Strengths and Limitations

The conclusions of this study should be considered in the context of its strengths and limitations. Because this is a retrospective cohort drawing on hospital discharge, many of the potential limitations are inherent to large administrative databases. We cannot exclude the possibility that data-entry errors may have occurred and not all variables of interest, including some potential confounders, are available, including previous use of chemotherapy, radiotherapy doses and planning type, laterality of stroke, and smoking status. In our dataset, the code for neck dissection does not differentiate between radical, modified radical, or selective neck dissections. The sensitivity of the code for ischemic stroke is well validated in Ontario's administrative databases but it has not been validated specifically in the postoperative setting. The outcomes measured herein, however, are derived from a very large sample size with extended follow-up to 30-days postoperative and used a population-based design from a cohort of patients with comprehensive, universal health insurance, thereby minimizing selection bias. Although the rates of stroke we describe are estimates at the 30-day time-point, in distinction to longer-term actuarial estimates, the likelihood of stroke being attributed to an operation would likely diminish during time.

CONCLUSIONS

Our study suggests that the incidence of perioperative stroke in patients undergoing a neck dissection is 0.7% and has decreased during time.
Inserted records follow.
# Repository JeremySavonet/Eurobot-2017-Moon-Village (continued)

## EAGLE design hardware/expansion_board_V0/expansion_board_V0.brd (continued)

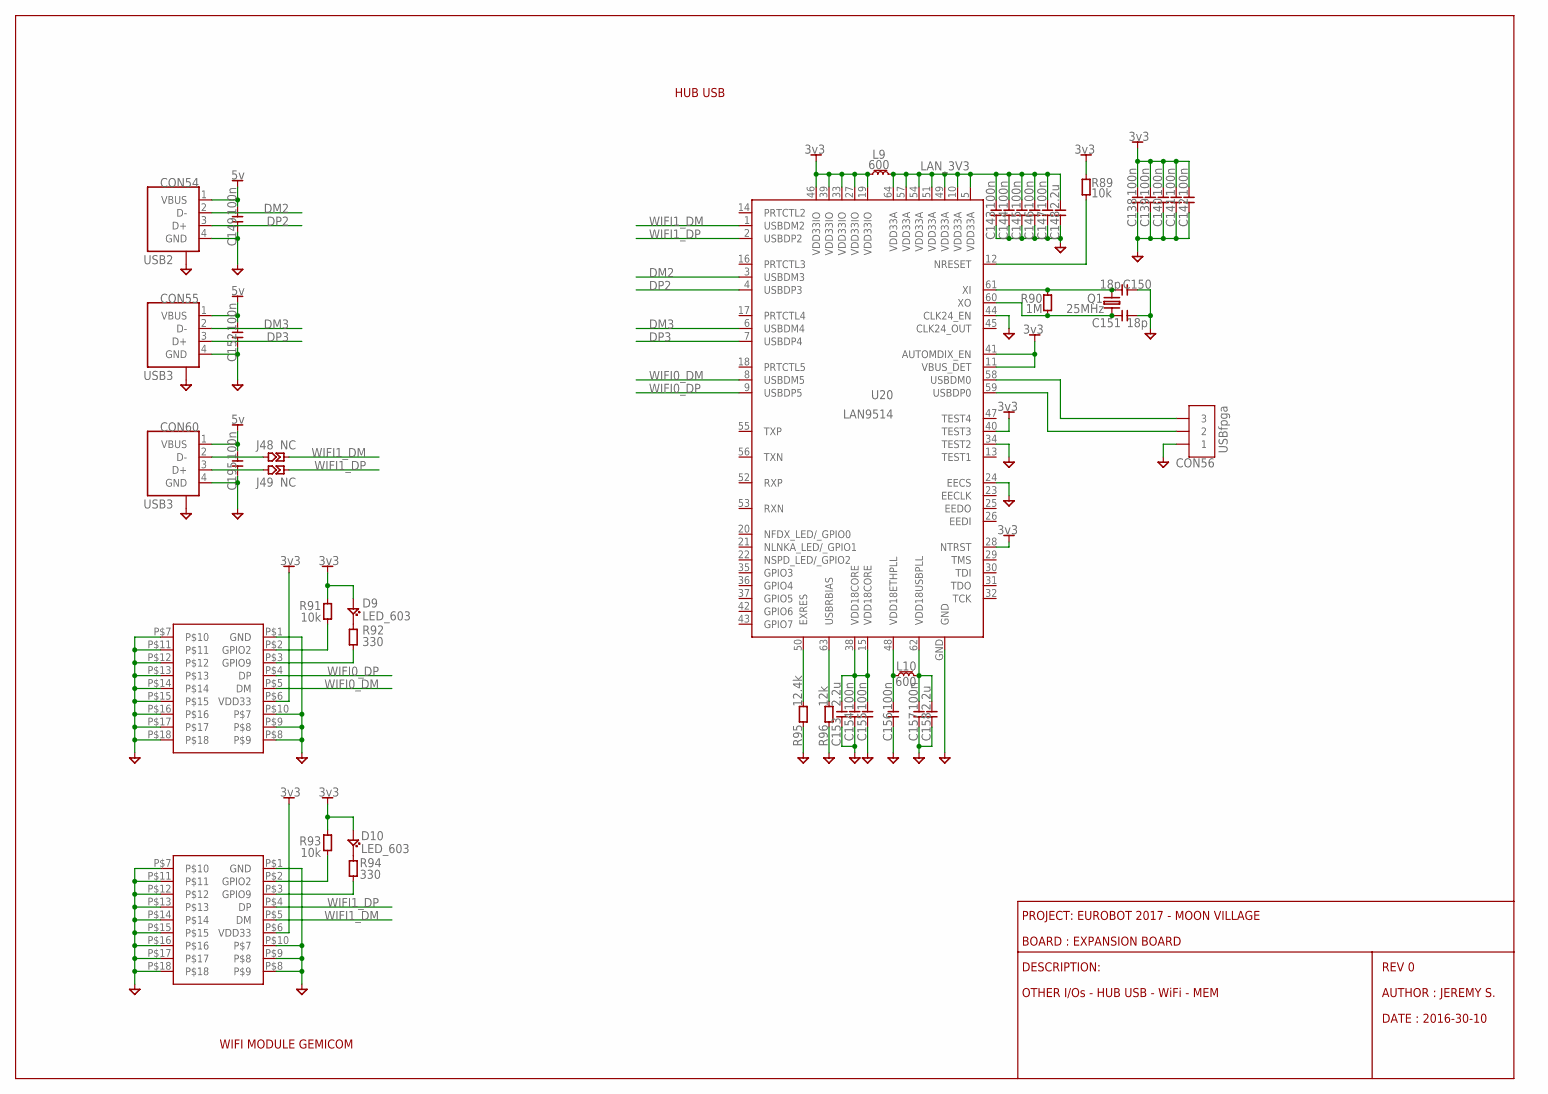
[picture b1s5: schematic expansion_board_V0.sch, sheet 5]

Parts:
C138, C139, C140, C141, C142, C143, C144, C145, C146, C147, C149, C152, C154, C155, C156, C157, C195: 100n; CAPC1005X55N
C148, C153, C158: 2.2u; CAPC1608X95N
C150, C151: 18p; CAPC1005X55N
CON54: USB2; USB_A
CON55, CON60: USB3; USB_A
CON56: USBfpga; CON254P762X400-3N-S
D9, D10: LED_603; LEDC1608X60N
J48, J49: NC; JUMC1005X50N
L9, L10: 600; INDC1608X95N
Q1: 25MHz; XTAL500X320X130N
R89, R91, R93: 10k; RESC1005X40N
R90: 1M; RESC1005X40N
R92, R94: 330; RESC1005X40N
R95: 12.4k; RESC1005X40N
R96: 12k; RESC1005X40N
U20: LAN9514; QFN50P900X900X100-65N
U21, U22: LGA22U

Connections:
3V3: C138.2, C139.2, C140.2, C141.2, C142.2, D9.A, D10.A, L9.1, R89.2, R91.2, R93.2, U20.11 (VBUS_DET), U20.19 (VDD33IO), U20.27 (VDD33IO), U20.28 (NTRST), U20.33 (VDD33IO), U20.39 (VDD33IO), U20.40 (TEST3), U20.41 (AUTOMDIX_EN), U20.46 (VDD33IO), U21.P$6 (VDD33), U22.P$6 (VDD33); also elsewhere on the board
5V: C149.2, C152.2, C195.2, CON54.1 (VBUS), CON55.1 (VBUS), CON60.1 (VBUS); also elsewhere on the board
DM2: CON54.2 (D-), U20.3 (USBDM3)
DM3: CON55.2 (D-), U20.6 (USBDM4)
DP2: CON54.3 (D+), U20.4 (USBDP3)
DP3: CON55.3 (D+), U20.7 (USBDP4)
GND: C138.1, C139.1, C140.1, C141.1, C142.1, C143.1, C144.1, C145.1, C146.1, C147.1, C148.P$1, C149.1, C150.1, C151.1, C152.1, C153.P$1, C154.1, C155.1, C156.1, C157.1, C158.P$1, C195.1, CON54.4 (GND), CON54.GND1 (GND), CON54.GND2 (GND), CON55.4 (GND), CON55.GND1 (GND), CON55.GND2 (GND), CON56.1, CON60.4 (GND), CON60.GND1 (GND), CON60.GND2 (GND), R95.1, R96.1, U20.24 (EECS), U20.34 (TEST2), U20.44 (CLK24_EN), U20.GND, U21.P$1 (GND), U21.P$7, U21.P$8, U21.P$9, U21.P$10, U21.P$11, U21.P$12, U21.P$13, U21.P$14, U21.P$15, U21.P$16, U21.P$17, U21.P$18, U22.P$1 (GND), U22.P$7, U22.P$8, U22.P$9, U22.P$10, U22.P$11, U22.P$12, U22.P$13, U22.P$14, U22.P$15, U22.P$16, U22.P$17, U22.P$18; also elsewhere on the board
LAN_3V3: C143.2, C144.2, C145.2, C146.2, C147.2, C148.P$2, L9.2, U20.5 (VDD33A), U20.10 (VDD33A), U20.49 (VDD33A), U20.51 (VDD33A), U20.54 (VDD33A), U20.57 (VDD33A), U20.64 (VDD33A)
unnamed: CON60.2 (D-), J48.P$1 (1)
unnamed: CON60.3 (D+), J49.P$1 (1)
unnamed: D10.C, R94.2
unnamed: D9.C, R92.2
unnamed: C157.2, C158.P$2, L10.2, U20.62 (VDD18USBPLL)
unnamed: C153.P$2, C154.2, C155.2, U20.15 (VDD18CORE), U20.38 (VDD18CORE)
unnamed: C156.2, L10.1, U20.48 (VDD18ETHPLL)
unnamed: R95.2, U20.50 (EXRES)
unnamed: R96.2, U20.63 (USBRBIAS)
unnamed: C151.2, Q1.2, R90.1, U20.60 (XO)
unnamed: CON56.2, U20.59 (USBDP0)
unnamed: CON56.3, U20.58 (USBDM0)
unnamed: R89.1, U20.12 (NRESET)
unnamed: C150.2, Q1.1, R90.2, U20.61 (XI)
WIFI0_DM: U20.8 (USBDM5), U21.P$5 (DM)
WIFI0_DP: U20.9 (USBDP5), U21.P$4 (DP)
WIFI1_DM: J48.P$2 (2), U20.1 (USBDM2), U22.P$5 (DM)
WIFI1_DP: J49.P$2 (2), U20.2 (USBDP2), U22.P$4 (DP)
WIFI1_LED: R94.1, U22.P$3 (GPIO9)
WIFI1_LED1: R92.1, U21.P$3 (GPIO9)
WIFI1_WPS: R93.1, U22.P$2 (GPIO2)
WIFI1_WPS1: R91.1, U21.P$2 (GPIO2)

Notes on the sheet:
REV 0
AUTHOR : JEREMY S.
DATE : 2016-30-10
DESCRIPTION:
BOARD : EXPANSION BOARD
PROJECT: EUROBOT 2017 - MOON VILLAGE
OTHER I/Os - HUB USB - WiFi - MEM
HUB USB
WIFI MODULE GEMICOM

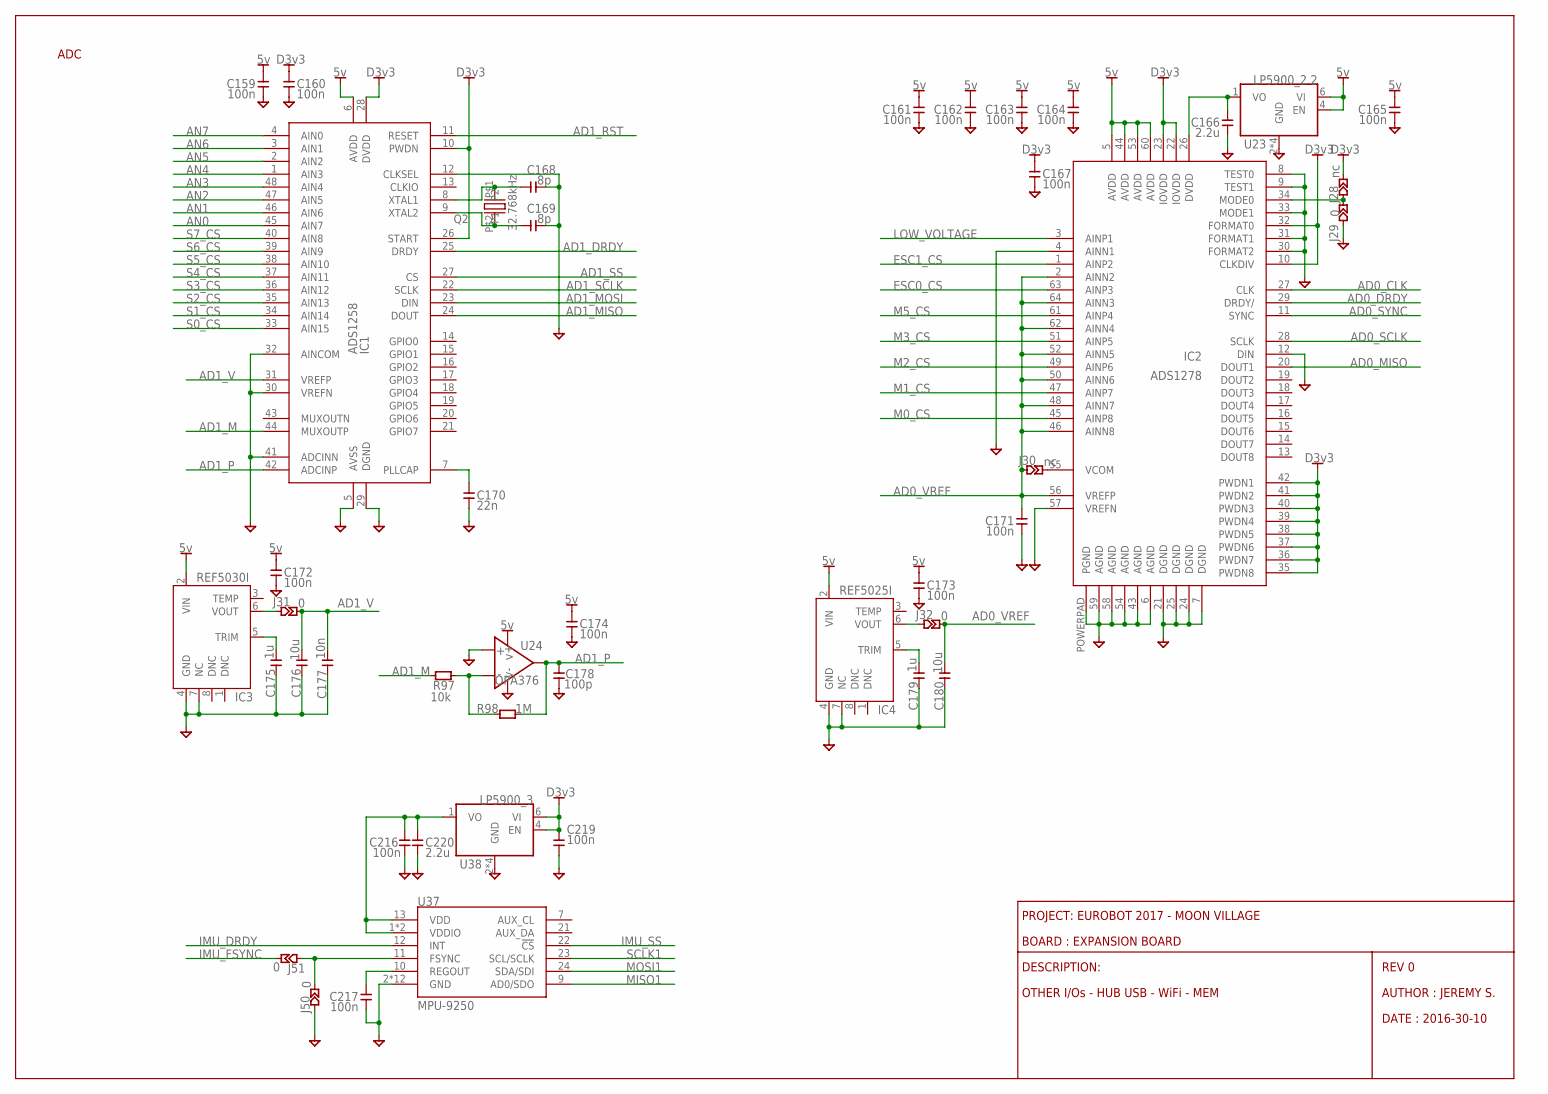
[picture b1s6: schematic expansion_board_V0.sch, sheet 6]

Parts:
C159, C160, C161, C162, C163, C164, C165, C167, C171, C172, C173, C174, C216, C217, C219: 100n; CAPC1005X55N
C166, C220: 2.2u; CAPC1608X95N
C168, C169: 8p; CAPC1005X55N
C170: 22n; CAPC1005X55N
C175, C179: 1u; CAPC1608X95N
C176, C180: 10u; CAPC2013X100N
C177: 10n; CAPC1005X55N
C178: 100p; CAPC1005X55N
IC1: ADS1258; QFN48
IC2: ADS1278; TQFP64_POWERPAD
IC3: REF5030I; MSOP8_0.65
IC4: REF5025I; MSOP8_0.65
J28, J30: nc; JUMC1005X50N
J29, J31, J32, J50, J51: 0; JUMC1005X50N
Q2: 32.768kHz; 1206
R97: 10k; RESC1005X40N
R98: 1M; RESC1005X40N
U23: LP5900_2.2; SON65P250X220X80-7N
U24: OPA376; SC70-5N
U37: MPU-9250; QFN24-3X3
U38: LP5900_3; SON65P250X220X80-7N

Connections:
5V: C159.2, C161.2, C162.2, C163.2, C164.2, C165.2, C172.2, C173.2, C174.2, IC1.6 (AVDD), IC2.5 (AVDD), IC2.44 (AVDD), IC2.53 (AVDD), IC2.60 (AVDD), IC3.2 (VIN), IC4.2 (VIN), U23.4 (EN), U23.6 (VI), U24.P$5 (VCC); also elsewhere on the board
AD0_CLK: IC2.27 (CLK); also elsewhere on the board
AD0_DRDY: IC2.29 (DRDY/); also elsewhere on the board
AD0_MISO: IC2.20 (DOUT1); also elsewhere on the board
AD0_SCLK: IC2.28 (SCLK); also elsewhere on the board
AD0_SYNC: IC2.11 (SYNC); also elsewhere on the board
AD0_VREF: C171.2, C180.P$1, IC2.2 (AINN2), IC2.46 (AINN8), IC2.48 (AINN7), IC2.50 (AINN6), IC2.52 (AINN5), IC2.56 (VREFP), IC2.62 (AINN4), IC2.64 (AINN3), J30.P$1 (1), J32.P$2 (2); also elsewhere on the board
AD1_DRDY: IC1.25 (DRDY); also elsewhere on the board
AD1_M: IC1.44 (MUXOUTP), R97.1
AD1_MISO: IC1.24 (DOUT); also elsewhere on the board
AD1_MOSI: IC1.23 (DIN); also elsewhere on the board
AD1_P: C178.2, IC1.42 (ADCINP), R98.2, U24.P$4 (OUT)
AD1_RST: IC1.11 (RESET); also elsewhere on the board
AD1_SCLK: IC1.22 (SCLK); also elsewhere on the board
AD1_SS: IC1.27 (CS); also elsewhere on the board
AD1_V: C176.P$1, C177.2, IC1.31 (VREFP), J31.P$2 (2)
AN0: IC1.45 (AIN7); also elsewhere on the board
AN1: IC1.46 (AIN6); also elsewhere on the board
AN2: IC1.47 (AIN5); also elsewhere on the board
AN3: IC1.48 (AIN4); also elsewhere on the board
AN4: IC1.1 (AIN3); also elsewhere on the board
AN5: IC1.2 (AIN2); also elsewhere on the board
AN6: IC1.3 (AIN1); also elsewhere on the board
AN7: IC1.4 (AIN0); also elsewhere on the board
D3V3: C160.2, C167.2, C219.2, IC1.10 (PWDN), IC1.26 (START), IC1.28 (DVDD), IC2.10 (CLKDIV), IC2.22 (IOVDD), IC2.23 (IOVDD), IC2.32 (FORMAT0), IC2.35 (PWDN8), IC2.36 (PWDN7), IC2.37 (PWDN6), IC2.38 (PWDN5), IC2.39 (PWDN4), IC2.40 (PWDN3), IC2.41 (PWDN2), IC2.42 (PWDN1), J28.P$2 (2), U38.4 (EN), U38.6 (VI); also elsewhere on the board
ESC0_CS: IC2.63 (AINP3); also elsewhere on the board
ESC1_CS: IC2.1 (AINP2); also elsewhere on the board
GND: C159.1, C160.1, C161.1, C162.1, C163.1, C164.1, C165.1, C166.P$1, C167.1, C168.1, C169.1, C170.1, C171.1, C172.1, C173.1, C174.1, C175.P$2, C176.P$2, C177.1, C178.1, C179.P$2, C180.P$2, C216.1, C217.1, C219.1, C220.P$1, IC1.5 (AVSS), IC1.12 (CLKSEL), IC1.29 (DGND), IC1.30 (VREFN), IC1.32 (AINCOM), IC1.41 (ADCINN), IC2.4 (AINN1), IC2.6 (AGND), IC2.7 (DGND), IC2.8 (TEST0), IC2.9 (TEST1), IC2.12 (DIN), IC2.21 (DGND), IC2.24 (DGND), IC2.25 (DGND), IC2.30 (FORMAT2), IC2.31 (FORMAT1), IC2.33 (MODE1), IC2.43 (AGND), IC2.54 (AGND), IC2.57 (VREFN), IC2.58 (AGND), IC2.59 (AGND), IC2.POWERPAD (PGND), IC3.4 (GND), IC3.7 (NC), IC4.4 (GND), IC4.7 (NC), J29.P$1 (1), J50.P$1 (1), U23.2 (GND), U23.3 (GND), U23.5 (GND), U23.GND, U24.P$1 (+), U24.P$2 (GND), U37.2 (GND), U37.3 (GND), U37.4 (GND), U37.5 (GND), U37.6 (GND), U37.14 (GND), U37.15 (GND), U37.16 (GND), U37.17 (GND), U37.18 (GND), U37.20 (GND), U37.PAD (GND), U38.2 (GND), U38.3 (GND), U38.5 (GND), U38.GND; also elsewhere on the board
IMU_DRDY: U37.12 (INT); also elsewhere on the board
IMU_FSYNC: J51.P$2 (2); also elsewhere on the board
IMU_SS: U37.22 (!CS); also elsewhere on the board
LOW_VOLTAGE: IC2.3 (AINP1); also elsewhere on the board
M0_CS: IC2.45 (AINP8); also elsewhere on the board
M1_CS: IC2.47 (AINP7); also elsewhere on the board
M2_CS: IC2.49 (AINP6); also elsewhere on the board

We report the first population-based study to determine the incidence of this common procedure performed for head and neck cancer patients. This information may help to counsel patients preoperatively on their risk of perioperative stroke. Most importantly, our results indicate that exposure of the carotid artery during neck dissection does not increase the risk of perioperative ischemic stroke. Future research should focus on determining reversible factors to mitigate stroke risk as well as the development of a stroke prediction score for neck dissection surgery.